What is required: Search the records below for the string "ezdxf" and copy each line where it turns up.

Dataset excerpts:
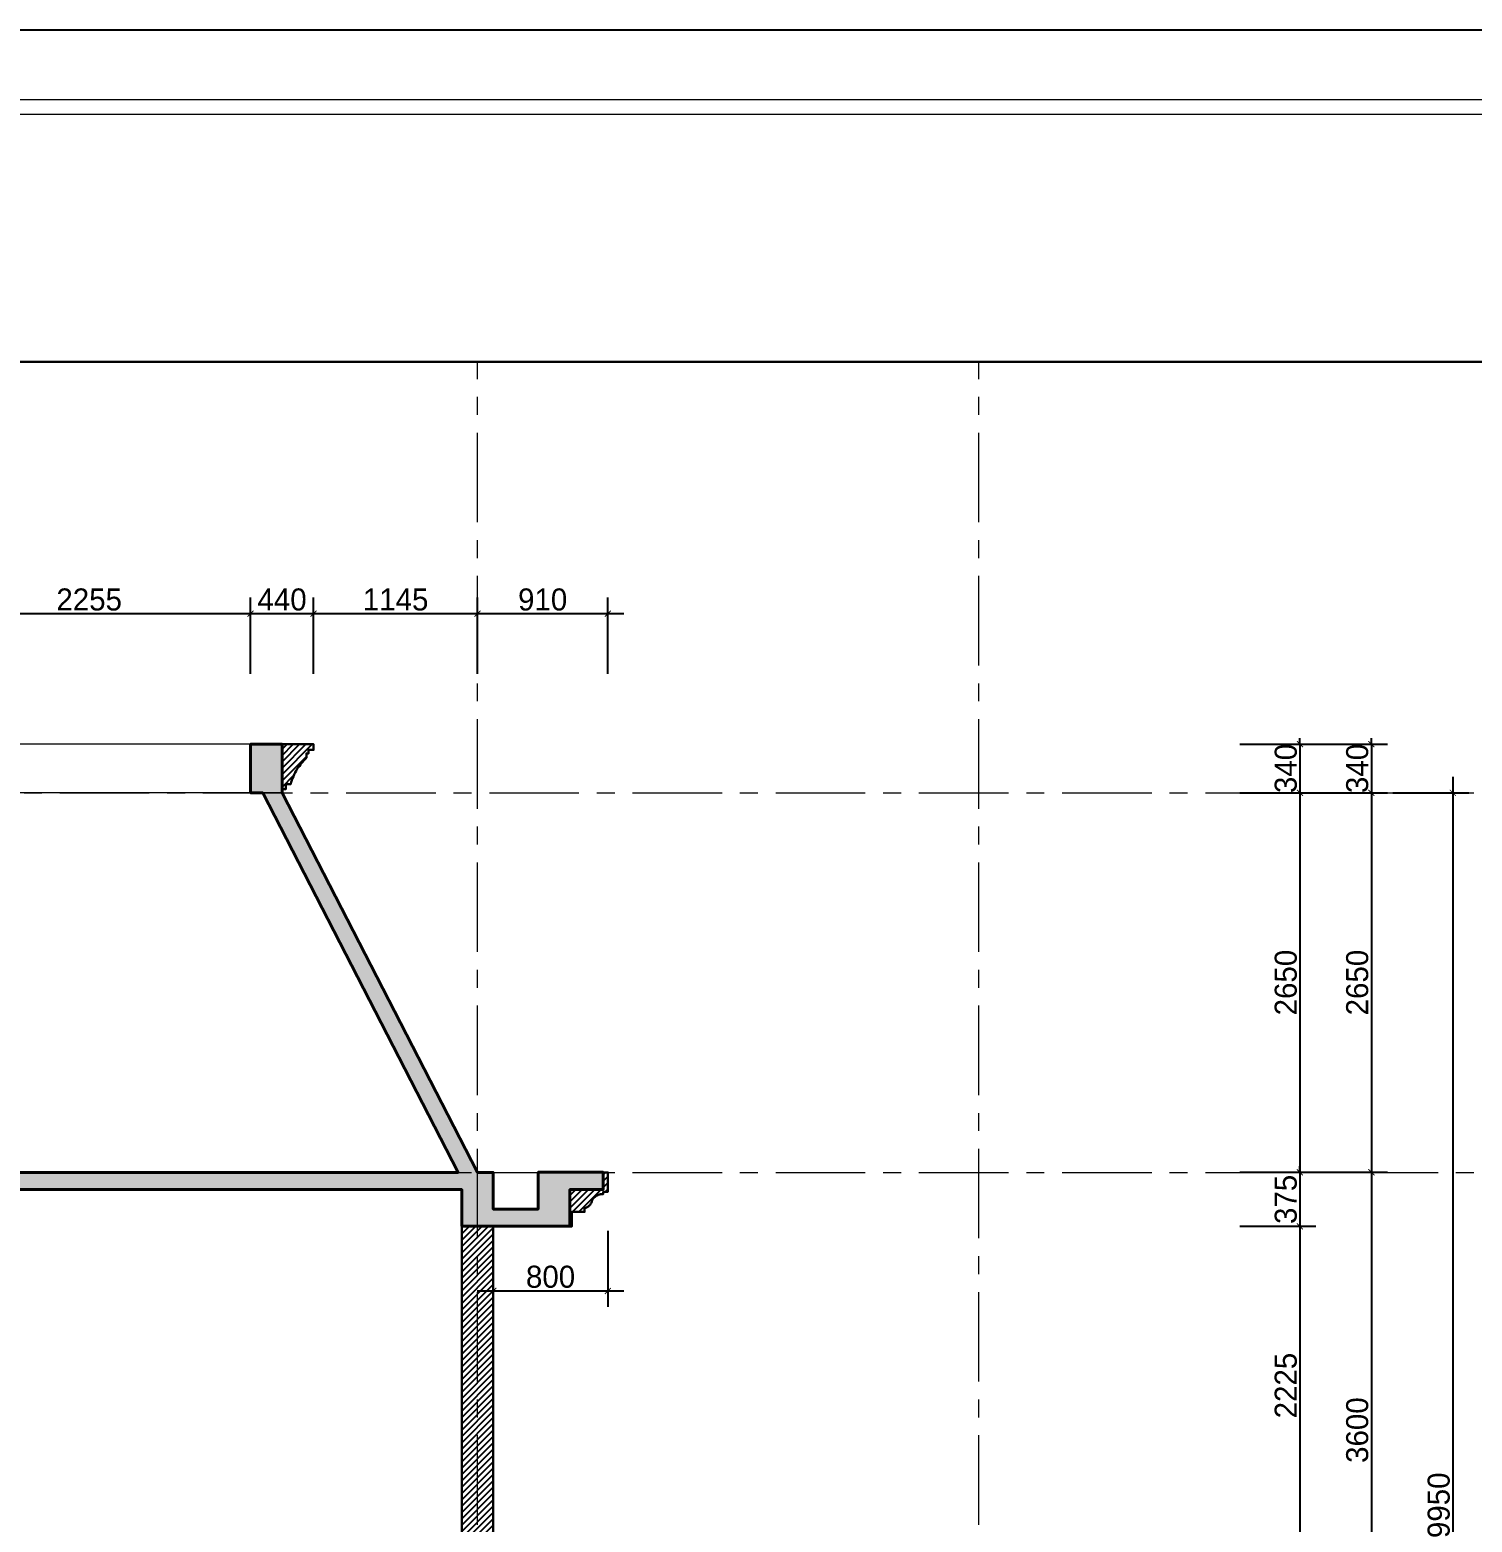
# Model space of a CAD drawing. Header units: millimetres. Extents: x 1832547 to 2001569, y -558009 to -417808.
# Drawn here: x 1951975 to 1962047, y -547042 to -536621 of the extents above; entities that cross this region are included whole.
import ezdxf

# ---------------------------------------------------------------- set-up
doc = ezdxf.new("R2010")
doc.units = ezdxf.units.MM
doc.header["$MEASUREMENT"] = 0
doc.linetypes.add('CENTER', pattern=[2, 1.25, -0.25, 0.25, -0.25])
doc.layers.get('0').update_dxf_attribs({"linetype": 'CONTINUOUS'})
doc.layers.get('DEFPOINTS').update_dxf_attribs({"linetype": 'CONTINUOUS'})
for name, color, linetype, lineweight in [('CA-cot', 2, 'CONTINUOUS', 35), ('CA. HATCH', 250, 'CONTINUOUS', 9), ('CA. TUONG', 30, 'CONTINUOUS', 30), ('CA.dim 08', 8, 'CONTINUOUS', 13), ('CA.manh 08', 8, 'CONTINUOUS', 9), ('CA.thay 145', 145, 'CONTINUOUS', 18), ('CA.tim 67', 67, 'CENTER', 9)]:
    doc.layers.add(name, color=color, linetype=linetype, lineweight=lineweight)
doc.layers.add('H', color=250, linetype='CONTINUOUS')
doc.styles.get("Standard").update_dxf_attribs({"font": 'roman.shx'})
doc.dimstyles.new('CA 70', dxfattribs={"dimscale": 0.7, "dimtxt": 220, "dimasz": 60, "dimexe": 160, "dimexo": 0, "dimgap": 30, "dimtad": 1, "dimdec": 0, "dimrnd": 5, "dimzin": 0, "dimdsep": 46, "dimtxsty": 'Standard', "dimblk": 'ARCHTICK', "dimcen": 0.09, "dimdle": 160, "dimclrd": 256, "dimclre": 256, "dimclrt": 255, "dimadec": 0, "dimazin": 0, "dimtfac": 1, "dimtdec": 0, "dimtix": 1, "dimtmove": 2, "dimatfit": 3, "dimldrblk": 'DOT', "dimfxl": 600, "dimfxlon": 1, "dimtolj": 1, "dimtzin": 0, "dimarcsym": 0})

# ---------------------------------------------------------------- blocks, each defined once
blk = doc.blocks.new('A$C2d76a15f')
at = {"color": 4, "linetype": 'Continuous', "lineweight": 18}
blk.add_line((27498.5, 19312.8), (1212.4, 19312.8), dxfattribs=at)
blk.add_line((27405.3, 19219.6), (1305.6, 19219.6))
at = {"layer": 'DEFPOINTS', "ltscale": 600}
blk.add_line((0, 19765.3), (27951, 19765.3), dxfattribs=at)
blk = doc.blocks.new('_ArchTick')
at = {"color": 1, "linetype": 'ByBlock', "const_width": 0.15}
blk.add_lwpolyline([(-0.5, -0.5), (0.5, 0.5)], dxfattribs=at)
blk = doc.blocks.new('*D537')
at = {"layer": 'CA.manh 08', "lineweight": -2, "transparency": 16777216}
for p, q in [((1960923, -541609), (1961455, -541609)), ((1961343, -541609), (1961343, -541567)), ((1961343, -541609), (1961343, -541949)), ((1960923, -541949), (1961455, -541949)), ((1961343, -541949), (1961343, -541991))]:
    blk.add_line(p, q, dxfattribs=at)
at = {"layer": 'DEFPOINTS', "color": 0, "transparency": 16777216}
for p in [(1957926, -541609), (1957989, -541949), (1961343, -541949)]:
    blk.add_point(p, dxfattribs=at)
at = {"layer": 'CA.manh 08', "lineweight": -2, "transparency": 16777216, "xscale": 42, "yscale": 42, "zscale": 42}
for p, rotation in [((1961343, -541609), 270), ((1961343, -541949), 90)]:
    blk.add_blockref('_ArchTick', p, dxfattribs=dict(at, rotation=rotation))
at = {"layer": 'CA.manh 08', "color": 255, "transparency": 16777216, "insert": (1961245, -541779), "char_height": 154, "attachment_point": 5, "rotation": 90}
blk.add_mtext('\\A1;340', dxfattribs=at)
blk = doc.blocks.new('_DOT')
at = {"color": 1, "linetype": 'ByBlock'}
blk.add_line((-0.5, 0), (-1, 0), dxfattribs=at)
at = {"color": 1, "linetype": 'ByBlock', "const_width": 0.5}
blk.add_lwpolyline([(-0.25, 0, 1), (0.25, 0, 1)], format="xyb", close=True, dxfattribs=at)
blk = doc.blocks.new('*D538')
at = {"layer": 'CA.manh 08', "lineweight": -2, "transparency": 16777216}
for p, q in [((1961343, -541837), (1961343, -544711)), ((1960923, -541949), (1961455, -541949)), ((1960923, -544599), (1961455, -544599))]:
    blk.add_line(p, q, dxfattribs=at)
at = {"layer": 'DEFPOINTS', "color": 0, "transparency": 16777216}
for p in [(1957989, -541949), (1960719, -544599), (1961343, -544599)]:
    blk.add_point(p, dxfattribs=at)
at = {"layer": 'CA.manh 08', "lineweight": -2, "transparency": 16777216, "xscale": 42, "yscale": 42, "zscale": 42}
for p, rotation in [((1961343, -541949), 90), ((1961343, -544599), 270)]:
    blk.add_blockref('_ArchTick', p, dxfattribs=dict(at, rotation=rotation))
at = {"layer": 'CA.manh 08', "color": 255, "transparency": 16777216, "insert": (1961245, -543274), "char_height": 154, "attachment_point": 5, "rotation": 90}
blk.add_mtext('\\A1;2650', dxfattribs=at)
blk = doc.blocks.new('*D539')
at = {"layer": 'CA.manh 08', "lineweight": -2, "transparency": 16777216}
for p, q in [((1961343, -544487), (1961343, -548311)), ((1960923, -544599), (1961455, -544599)), ((1960923, -548199), (1961455, -548199))]:
    blk.add_line(p, q, dxfattribs=at)
at = {"layer": 'DEFPOINTS', "color": 0, "transparency": 16777216}
for p in [(1960719, -544599), (1960719, -548199), (1961343, -548199)]:
    blk.add_point(p, dxfattribs=at)
at = {"layer": 'CA.manh 08', "lineweight": -2, "transparency": 16777216, "xscale": 42, "yscale": 42, "zscale": 42}
for p, rotation in [((1961343, -544599), 90), ((1961343, -548199), 270)]:
    blk.add_blockref('_ArchTick', p, dxfattribs=dict(at, rotation=rotation))
at = {"layer": 'CA.manh 08', "color": 255, "transparency": 16777216, "insert": (1961245, -546399), "char_height": 154, "attachment_point": 5, "rotation": 90}
blk.add_mtext('\\A1;3600', dxfattribs=at)
blk = doc.blocks.new('*D542')
at = {"layer": 'CA.manh 08', "lineweight": -2, "transparency": 16777216}
for p, q in [((1961912, -541837), (1961912, -552011)), ((1961492, -541949), (1962024, -541949)), ((1961492, -551899), (1962024, -551899))]:
    blk.add_line(p, q, dxfattribs=at)
at = {"layer": 'DEFPOINTS', "color": 0, "transparency": 16777216}
for p in [(1960726, -541949), (1960726, -551899), (1961912, -551899)]:
    blk.add_point(p, dxfattribs=at)
at = {"layer": 'CA.manh 08', "lineweight": -2, "transparency": 16777216, "xscale": 42, "yscale": 42, "zscale": 42}
for p, rotation in [((1961912, -541949), 90), ((1961912, -551899), 270)]:
    blk.add_blockref('_ArchTick', p, dxfattribs=dict(at, rotation=rotation))
at = {"layer": 'CA.manh 08', "color": 255, "transparency": 16777216, "insert": (1961814, -546924), "char_height": 154, "attachment_point": 5, "rotation": 90}
blk.add_mtext('\\A1;9950', dxfattribs=at)
blk = doc.blocks.new('*D515')
at = {"layer": 'CA.manh 08', "lineweight": -2, "transparency": 16777216}
for p, q in [((1960424, -541609), (1960956, -541609)), ((1960844, -541609), (1960844, -541567)), ((1960844, -541609), (1960844, -541949)), ((1960424, -541949), (1960956, -541949)), ((1960844, -541949), (1960844, -541991))]:
    blk.add_line(p, q, dxfattribs=at)
at = {"layer": 'DEFPOINTS', "color": 0, "transparency": 16777216}
for p in [(1953956, -541609), (1954048, -541949), (1960844, -541949)]:
    blk.add_point(p, dxfattribs=at)
at = {"layer": 'CA.manh 08', "lineweight": -2, "transparency": 16777216, "xscale": 42, "yscale": 42, "zscale": 42}
for p, rotation in [((1960844, -541609), 270), ((1960844, -541949), 90)]:
    blk.add_blockref('_ArchTick', p, dxfattribs=dict(at, rotation=rotation))
at = {"layer": 'CA.manh 08', "color": 255, "transparency": 16777216, "insert": (1960746, -541779), "char_height": 154, "attachment_point": 5, "rotation": 90}
blk.add_mtext('\\A1;340', dxfattribs=at)
blk = doc.blocks.new('*D516')
at = {"layer": 'CA.manh 08', "lineweight": -2, "transparency": 16777216}
for p, q in [((1960844, -541837), (1960844, -544711)), ((1960424, -541949), (1960956, -541949)), ((1960424, -544599), (1960956, -544599))]:
    blk.add_line(p, q, dxfattribs=at)
at = {"layer": 'DEFPOINTS', "color": 0, "transparency": 16777216}
for p in [(1954048, -541949), (1959677, -544599), (1960844, -544599)]:
    blk.add_point(p, dxfattribs=at)
at = {"layer": 'CA.manh 08', "lineweight": -2, "transparency": 16777216, "xscale": 42, "yscale": 42, "zscale": 42}
for p, rotation in [((1960844, -541949), 90), ((1960844, -544599), 270)]:
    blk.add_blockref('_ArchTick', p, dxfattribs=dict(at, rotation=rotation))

Your response:
import ezdxf
doc = ezdxf.new("R2010")
doc.units = ezdxf.units.MM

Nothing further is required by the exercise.